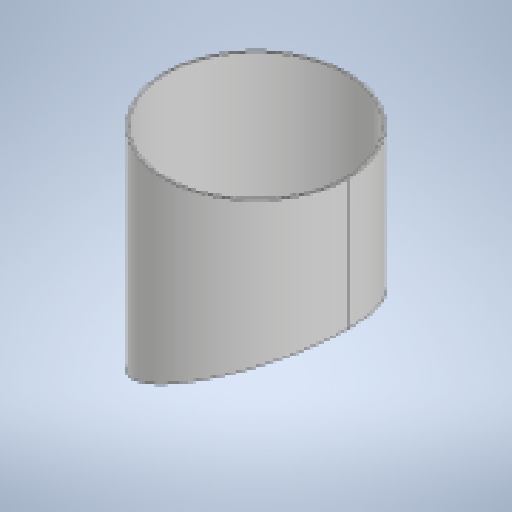
# Autodesk Inventor part: GBK-RK-0031 tube segmeng 1
Saved by Autodesk Inventor 2026.2 (Build 302298000, 298)
## iProperties
Created: 2026-09-14
Part Number: GBK-RK-0031 tube segmeng 1
Material: Generic
Document SubType Name: Sheet Metal
Designer: admin
Density: 1 g/cm^3
Flat Pattern Width: 40 cm
Flat Pattern Length: 101.018 cm
Flat Pattern Area: 4040.72 cm^2
Sheet Metal Rule: Default_mm
Sheet Metal Width: 400,000 mm
Sheet Metal Length: 1010,181 mm
Sheet Metal Area: 404072,471 mm^2
Appearance: Default
Author: admin
Autodesk Inventor part; units mm, degrees
ref_plane "YZ Plane" through (0, 0, 0) normal (1, 0, 0) x (0, 1, 0)
ref_plane "XZ Plane" through (0, 0, 0) normal (0, 1, 0) x (-1, 0, 0)
ref_plane "XY Plane" through (0, 0, 0) normal (0, 0, 1) x (1, 0, 0)
sketch "Sketch1" plane through (0, 0, 0) normal (0, 0, 1) x (1, 0, 0)
  line L0 (0, 0) -> (0, 204.8418)
  line L1 (159.5, 0) -> (162.5, 0)
  line L2 (162.5, 0) -> (162.5, 400)
  line L3 (162.5, 400) -> (159.5, 400)
  line L4 (159.5, 400) -> (159.5, 0)
  dimension "d0" = 3
  dimension "d1" = 400
  dimension "d2" = 325
  constraints: 10 end point, 2 parallel, 1 horizontal, 1 perpendicular, 1 point on line, 1 vertical
  measures "d0" distance of L3.end L2.end
  measures "d1" distance of L2.end L1.end
  measures "d2" diameter of L2 L0
revolve "Revolution1" add sketch "Sketch1" angle 359.9 about axis through (0, 0, 0) along (0, 1, 0)
sketch "Sketch2" plane through (0, 0, 0) normal (0, 0, 1) x (1, 0, 0)
  line L0 (162.5, 400) -> (-162.5, 400) construction
  line L1 (162.5, 0) -> (162.5, 400) projected
  line L2 (-162.5, 0) -> (-162.5, 400) projected
  line L3 (162.5, 0) -> (-162.5, 0) projected
  line L4 (-162.5, 0) -> (162.5, 70.6832)
  point P0 (0, 0)
  point P1 (162.4998, 400)
  point P2 (162.4998, 0)
  dimension "d6" = 12.27
  constraints: 2 end point, 1 point on line
  measures "d6" angle of L3 L4
extrude "Extrusion1" cut sketch "Sketch2" along normal through all both and the other way through all
equation "\"BendRadius\" = Thickness"
equation "\"BendReliefWidth\" = Thickness"
equation "\"BendReliefDepth\" = 0.5 * Thickness"
equation "\"CornerReliefSize\" = 4 * Thickness"
equation "\"MinimumRemnant\" = 2 * Thickness"
equation "\"TransitionRadius\" = BendRadius"
equation "\"JacobiRadiusSize\" = BendRadius"
equation "\"GapSize\" = Thickness"
equation "\"Thickness\" = 3"
body "Solid1"

• • • • •

Reproduce the lines above, beginning at the line with "## iProperties" and stopping after the line with "along (0, 1, 0)", exactly as they are.

The answer
## iProperties
Created: 2026-09-14
Part Number: GBK-RK-0031 tube segmeng 1
Material: Generic
Document SubType Name: Sheet Metal
Designer: admin
Density: 1 g/cm^3
Flat Pattern Width: 40 cm
Flat Pattern Length: 101.018 cm
Flat Pattern Area: 4040.72 cm^2
Sheet Metal Rule: Default_mm
Sheet Metal Width: 400,000 mm
Sheet Metal Length: 1010,181 mm
Sheet Metal Area: 404072,471 mm^2
Appearance: Default
Author: admin
Autodesk Inventor part; units mm, degrees
ref_plane "YZ Plane" through (0, 0, 0) normal (1, 0, 0) x (0, 1, 0)
ref_plane "XZ Plane" through (0, 0, 0) normal (0, 1, 0) x (-1, 0, 0)
ref_plane "XY Plane" through (0, 0, 0) normal (0, 0, 1) x (1, 0, 0)
sketch "Sketch1" plane through (0, 0, 0) normal (0, 0, 1) x (1, 0, 0)
  line L0 (0, 0) -> (0, 204.8418)
  line L1 (159.5, 0) -> (162.5, 0)
  line L2 (162.5, 0) -> (162.5, 400)
  line L3 (162.5, 400) -> (159.5, 400)
  line L4 (159.5, 400) -> (159.5, 0)
  dimension "d0" = 3
  dimension "d1" = 400
  dimension "d2" = 325
  constraints: 10 end point, 2 parallel, 1 horizontal, 1 perpendicular, 1 point on line, 1 vertical
  measures "d0" distance of L3.end L2.end
  measures "d1" distance of L2.end L1.end
  measures "d2" diameter of L2 L0
revolve "Revolution1" add sketch "Sketch1" angle 359.9 about axis through (0, 0, 0) along (0, 1, 0)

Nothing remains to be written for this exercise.